If you start new tempo training and intervals or significantly increase your workload, you should not increase your running volume at the same time, but rather maintain it or even reduce it a little.
This way you reduce the risk of injury and ensure that your body can adapt to the new stresses.
Individual factors
There are many other individual factors that determine how quickly you can increase your running volume.

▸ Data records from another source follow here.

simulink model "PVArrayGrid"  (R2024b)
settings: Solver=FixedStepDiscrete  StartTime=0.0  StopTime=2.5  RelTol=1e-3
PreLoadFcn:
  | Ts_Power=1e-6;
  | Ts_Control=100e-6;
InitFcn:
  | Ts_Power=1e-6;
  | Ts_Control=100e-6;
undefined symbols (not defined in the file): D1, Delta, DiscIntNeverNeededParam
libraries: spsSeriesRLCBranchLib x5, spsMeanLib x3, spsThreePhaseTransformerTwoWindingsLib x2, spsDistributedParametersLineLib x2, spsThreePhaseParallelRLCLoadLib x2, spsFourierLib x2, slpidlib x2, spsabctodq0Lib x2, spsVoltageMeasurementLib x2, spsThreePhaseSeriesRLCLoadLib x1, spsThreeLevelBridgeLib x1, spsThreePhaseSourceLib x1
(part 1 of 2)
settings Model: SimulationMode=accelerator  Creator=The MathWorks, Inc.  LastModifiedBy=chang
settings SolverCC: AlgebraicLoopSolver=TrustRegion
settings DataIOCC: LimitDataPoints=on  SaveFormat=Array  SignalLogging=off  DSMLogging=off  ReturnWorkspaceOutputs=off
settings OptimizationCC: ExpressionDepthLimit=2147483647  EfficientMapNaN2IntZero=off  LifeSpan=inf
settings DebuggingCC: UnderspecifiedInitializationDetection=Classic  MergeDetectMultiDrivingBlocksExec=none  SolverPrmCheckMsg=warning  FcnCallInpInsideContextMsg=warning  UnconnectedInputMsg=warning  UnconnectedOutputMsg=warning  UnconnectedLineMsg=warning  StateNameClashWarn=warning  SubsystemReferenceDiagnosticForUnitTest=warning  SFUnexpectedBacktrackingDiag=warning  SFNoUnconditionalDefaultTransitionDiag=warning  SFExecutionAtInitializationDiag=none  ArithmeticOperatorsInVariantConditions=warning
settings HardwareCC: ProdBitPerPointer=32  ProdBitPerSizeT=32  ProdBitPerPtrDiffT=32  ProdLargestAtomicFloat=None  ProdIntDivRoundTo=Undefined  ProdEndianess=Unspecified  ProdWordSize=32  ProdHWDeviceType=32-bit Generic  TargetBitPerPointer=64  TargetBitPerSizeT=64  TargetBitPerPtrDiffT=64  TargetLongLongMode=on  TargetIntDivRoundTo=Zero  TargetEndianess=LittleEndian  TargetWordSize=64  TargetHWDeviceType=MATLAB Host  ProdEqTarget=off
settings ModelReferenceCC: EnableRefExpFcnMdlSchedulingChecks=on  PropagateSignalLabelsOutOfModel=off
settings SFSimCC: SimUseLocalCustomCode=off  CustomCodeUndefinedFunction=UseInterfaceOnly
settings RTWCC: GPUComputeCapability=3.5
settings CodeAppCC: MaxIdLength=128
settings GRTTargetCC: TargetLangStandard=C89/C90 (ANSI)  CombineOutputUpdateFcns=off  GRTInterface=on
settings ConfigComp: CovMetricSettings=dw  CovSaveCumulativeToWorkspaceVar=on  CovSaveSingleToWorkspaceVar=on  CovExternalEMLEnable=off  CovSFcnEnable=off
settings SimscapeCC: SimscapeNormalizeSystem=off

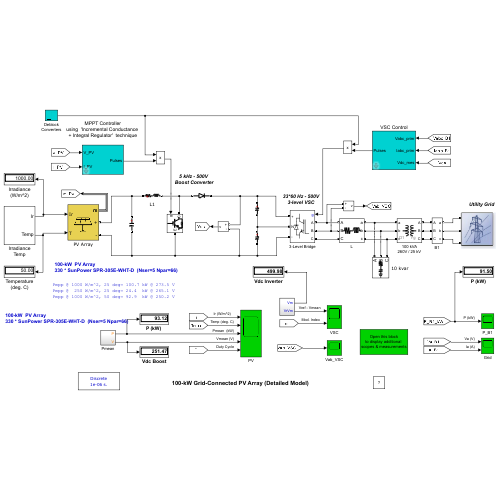
[thumbnail: Simulink's stored preview of the top-level diagram]
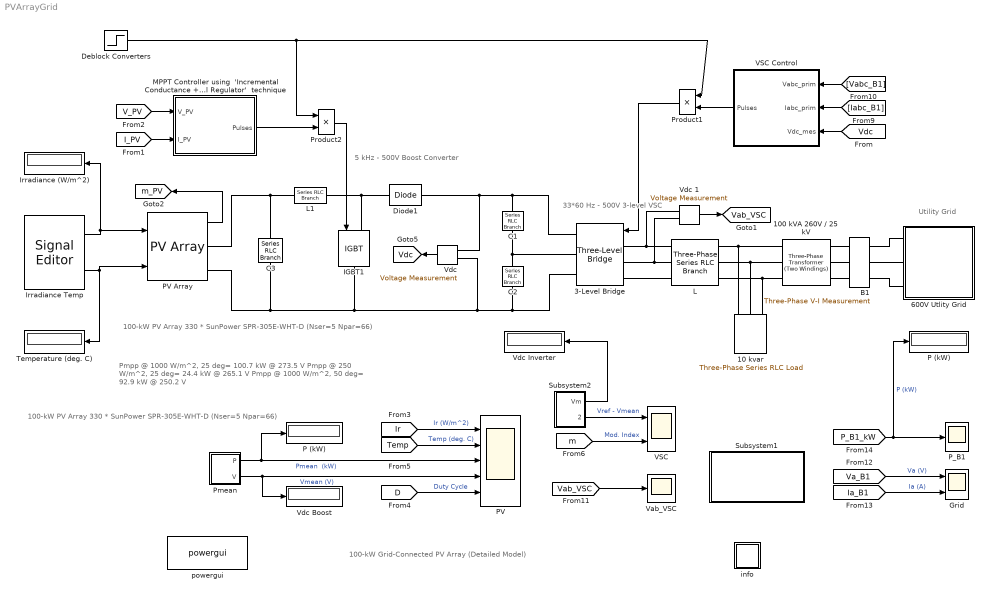
== system PVArrayGrid ==
  note: 5 kHz - 500V
      | Boost Converter
  note: 33*60 Hz - 500V
      | 3-level VSC
  note: 100-kW Grid-Connected PV Array (Detailed Model)
  note: Utility Grid
  note: Pmpp @ 1000 W/m^2, 25 deg= 100.7 kW @ 273.5 V
      | Pmpp @  250 W/m^2, 25 deg= 24.4  kW @ 265.1 V
      | Pmpp @ 1000 W/m^2, 50 deg= 92.9  kW @ 250.2 V
  note: 100-kW  PV Array
      | 330 * SunPower SPR-305E-WHT-D  (Nser=5 Npar=66)
  note: 100-kW  PV Array
      | 330 * SunPower SPR-305E-WHT-D  (Nser=5 Npar=66)
  10 kvar : spsThreePhaseSeriesRLCLoadLib/Three-Phase Series RLC Load  LConnTagsString=A|B|C  Configuration=Y (grounded)  NominalVoltage=240  Vabc=[1e3 1e3 1e3]  Vabcp=[1e3 1e3 1e3]  NominalFrequency=60  UnbalancedPower=off  ActivePower=10e3/100  InductivePower=0  CapacitivePower=10e3  Pabc=[10e3 9e3 11e3]  QLabc=[100 90 110]  QCabc=[100 90 110]  Pabcp=[10e3 9e3 11e3]  QLabcp=[100 90 110]  QCabcp=[100 90 110]  Measurements=None  LoadType=constant Z
  100 kVA 260V / 25 kV : spsThreePhaseTransformerTwoWindingsLib/Three-Phase Transformer (Two Windings)  Winding1Connection=Yg  Winding2Connection=Delta (D1)  CoreType=Three single-phase transformers  SetSaturation=off  Hysteresis=off  DataFile='hysteresis'  SetInitialFlux=off  Measurements=None  UNITS=pu  NominalPower=[100e3 , 60 ]  Winding1=[ 25e3 , 0.001 , 0.03 ]  Winding2=[ 260 , 0.001 , 0.03 ]  Rm=500  Lm=500  L0=0.5  Saturation=[ 0,0 ; 0.0024,1.2 ; 1.0,1.52 ]  InitialFluxes=[ 0.8 , -0.8 , 0.7 ]  BreakLoop=off  DiscreteSolver=Trapezoidal iterative  DataType=off  TransfoNumber=0
  3-Level Bridge : spsThreeLevelBridgeLib/Three-Level Bridge  Arms=3  SnubberResistance=1e6  SbubberCapacitance=inf  Device=IGBT / Diodes  Ron=0.2e-3  ForwardVoltages="[  0  0 ]"  Measurements=None
      settings: AttributesFormatString=\n
  600V Utlity Grid : Subsystem
      mask Display: image('$imagefile')
  B1 : spsThreePhaseVIMeasurementLib/Three-Phase V-I Measurement  VoltageMeasurement=phase-to-ground  SetLabelV=on  LabelV=Vabc_B1  Vpu=off  VpuLL=off  CurrentMeasurement=yes  SetLabelI=on  LabelI=Iabc_B1  Ipu=off  Pbase=100e6  Vbase=500e3  OutputType=Magnitude  PhasorSimulation=off  PSBequivalent=0
  C1 : spsSeriesRLCBranchLib/Series RLC Branch  LConnTagsString=__new0  RConnTagsString=__new0  BranchType=C  Resistance=1.0  Inductance=1.0  SetiL0=off  InitialCurrent=0  Capacitance=12000e-06  Setx0=off  InitialVoltage=0  Measurements=None
  C2 : spsSeriesRLCBranchLib/Series RLC Branch  LConnTagsString=__new0  RConnTagsString=__new0  BranchType=C  Resistance=1.0  Inductance=1.0  SetiL0=off  InitialCurrent=0  Capacitance=12000e-06  Setx0=off  InitialVoltage=0  Measurements=None
  C3 : spsSeriesRLCBranchLib/Series RLC Branch  LConnTagsString=__new0  RConnTagsString=__new0  BranchType=C  Resistance=1.0  Inductance=1.0  SetiL0=off  InitialCurrent=0  Capacitance=100e-6  Setx0=off  InitialVoltage=0  Measurements=Branch voltage
  Deblock Converters : Step  Time=0.05  SampleTime=0
  Diode1 : spsDiodeLib/Diode  Ron=1e-4  Lon=0  Vf=0  IC=0  UseSnubber=off  Rs=inf  Cs=inf  Measurements=off
  Grid : Scope  NumInputPorts=2
  IGBT1 : spsIGBTLib/IGBT  Ron=0.001  Lon=0  Vf=0  Tf=0  Tt=0  IC=0  Rs=1e5  Cs=inf  Measurements=off
  Irradiance (W/m^2) : Display
      settings: Format=bank  Decimation=1000
  Irradiance Temp : SignalEditorBlockLib/Signal Editor  FileName=PVArrayGridData.mat  ActiveScenario=Ramp_up_down_Irradiance  ActiveSignal=Temp  IsBus=off  OutputBusObjectStr=Bus: BusObject  SampleTime=0  OutputAfterFinalValue=Extrapolation  Unit=inherit  PreserveSignalName=on  ApplySigPropsToAllScenarios=on  ApplySigPropsToAllSignals=off
  L : spsThreePhaseSeriesRLCBranchLib/Three-Phase Series RLC Branch  LConnTagsString=A|B|C  RConnTagsString=A|B|C  BranchType=RL  Resistance=500e-6*377/50/2  Inductance=500e-6/2  Capacitance=inf  Measurements=None
  L1 : spsSeriesRLCBranchLib/Series RLC Branch  LConnTagsString=__new0  RConnTagsString=__new0  BranchType=RL  Resistance=0.005  Inductance=5e-3  SetiL0=off  InitialCurrent=0  Capacitance=1e-6  Setx0=off  InitialVoltage=0  Measurements=None
  "MPPT Controller using  'Incremental Conductance + Integral Regulator'  technique " : Subsystem  mask(Boost Control - MPPT){fc=5000, T_MPPT=200e-6, Dinit=0.5}
      mask prompts: fc "PWM switching frequency (Hz)"; T_MPPT "Time window used by MPPT control (s)"; Dinit "Initial value of duty cycle"
  P (kW) : Display
      settings: Format=bank  Decimation=2000
  "P (kW) " : Display
      settings: Format=bank  Decimation=2000
  PV : Scope  NumInputPorts=5
  PV Array : spsPVArrayLib/PV Array  Npar=66  Nser=5  PlotType=array @ 1000 W/m2 & specified temperatures  S_vec="[ 1000  250 ]"  Temp_C_vec="[0 25 50  ]"  ModuleName=SunPower SPR-305E-WHT-D  PlotWhenSelected=off  Pm=305.226  Ncell=96  Voc=64.2  Isc=5.96  Vm=54.7  Im=5.58  beta_Voc_pc=-0.2727  alpha_Isc_pc=0.061745  beta_Voc=-0.17507  alpha_Isc=0.00368  IL=5.9657  I0=6.3076e-12  nI=0.94489  Rsh=393.2054  Rs=0.37428  RobustModel=off  RobustCellTemperature=25  BAL=on  Tc=1e-6  Tfilter=5e-5
  P_B1 : Scope
  Pmean : Subsystem
  Product1 : Product  RndMeth=Zero
  Product2 : Product  RndMeth=Zero
  Subsystem1 : Subsystem
      mask Display: disp('Open this block\nto display additional \nscopes & measurements')
  Subsystem2 : Subsystem
  Temperature (deg. C) : Display
      settings: Format=bank  Decimation=1000
  VSC : Scope  NumInputPorts=2
  VSC Control : Subsystem  mask(VSC Main Controller){nom=[ 100e3  60 ], Vnom=[ 25e3 260 ], Vnom_dc=500, RLxfo=[0.002  0.06 ], RLchoke=[2e-3  250e-6  ], K_VDCreg=[7  800], K_Ireg=[0.3 20], Ts=Ts_Control}
      mask prompts: nom "Nominal power and frequency [ Pnom(VA)  Fnom(Hz) ]:"; Vnom "Nominal primary and secondary voltages (Vrms LL) [ Vnom_prim   Vnom_sec ]:"; Vnom_dc "Nominal DC bus voltage (V):"; RLxfo "Total transformer leakage impedance (pu/Pnom) [ Rxfo  Lxf ]"; RLchoke "Choke impedance [ R(ohm) L(H) ]"; K_VDCreg "VDC regultator gains [ Kp  Ki ]:"; K_Ireg "Current regulator gains [ Kp  Ki ]:"; Ts "Sample time"
      mask init:
      | Pnom=nom(1);
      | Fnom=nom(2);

These include, for example:
- How quickly your body gets used to the strain. In particular, musculoskeletal adaptation is most relevant here to prevent injuries.
- Your running economy and biomechanics
- Your training history, e.g. the increase in your running volumes in the past, your reaction to changes in your weekly kilometers and long runs completed so far
- Past injuries, overuse, and feelings of overtraining or overreaching
- Genetic factors that you can’t change. Some runners are simply naturally more “robust” and can tolerate greater increases in running volume better than others.
- Your ability to regenerate
- Nutrition, sleep, everyday stress and other activities
The 10% rule: fact or fiction?
The 10% rule is often given as a general guideline for increasing the amount of running. I know a lot of running coaches and training plans that are based exactly on the 10% rule.
This assumes that a 10% increase in your training volume per week is “safe”.
In fact, there is no evidence to support this rule. It is also not known where this rule comes from.
With a rule as fixed as the 10% rule comes some difficulties:
- the individual factors of the runners cannot be taken into account
- initial increases in running volumes are extremely low (10% of 0 is still zero and, for example, 10% of 2 weekly kilometers would mean 200m by which you increase your weekly running volume)
- It does not take into account any increase in intensity if, for example, you start new tempo runs and/or intervals
Of course, the 10% rule can still work for medium-sized runners and average runners. I just advise against sticking to this rule at extremely low or extremely high levels and I always recommend monitoring your individual response to increasing your running volume.
In practice, the increase in weekly running volume can be between 5-30% every 1-3 weeks.
How many km per week for which goal?
In order to determine the correct number of kilometers per week, many people base their running goal on their goal. But unfortunately we cannot completely generalize this either. Some people prepare excellently for a marathon with 50 kilometers per week, others need 70-80. This again depends on the factors mentioned above.
Conclusion
Your weekly running volume and how quickly you can increase it is a very individual matter. Some people tolerate increases in weekly mileage better than others. We can summarize the basic principles:
- Beginners should increase their running volume more slowly than advanced runners.
- After an injury break, you should give yourself extra time before increasing the number of km you run per week.
- The lower your training volume per week, the higher the percentage increase can be. The absolute increase still remains low.
- The 10% rule can work as a rough guide – but depending on your weekly mileage, it can be far too low or far too high.
- How quickly you can improve also depends on your training history, running economy, everyday stress, regeneration, genetic factors, your personal adaptation time and past injuries.
- Never increase distance and distance at the same time, but only one of the two.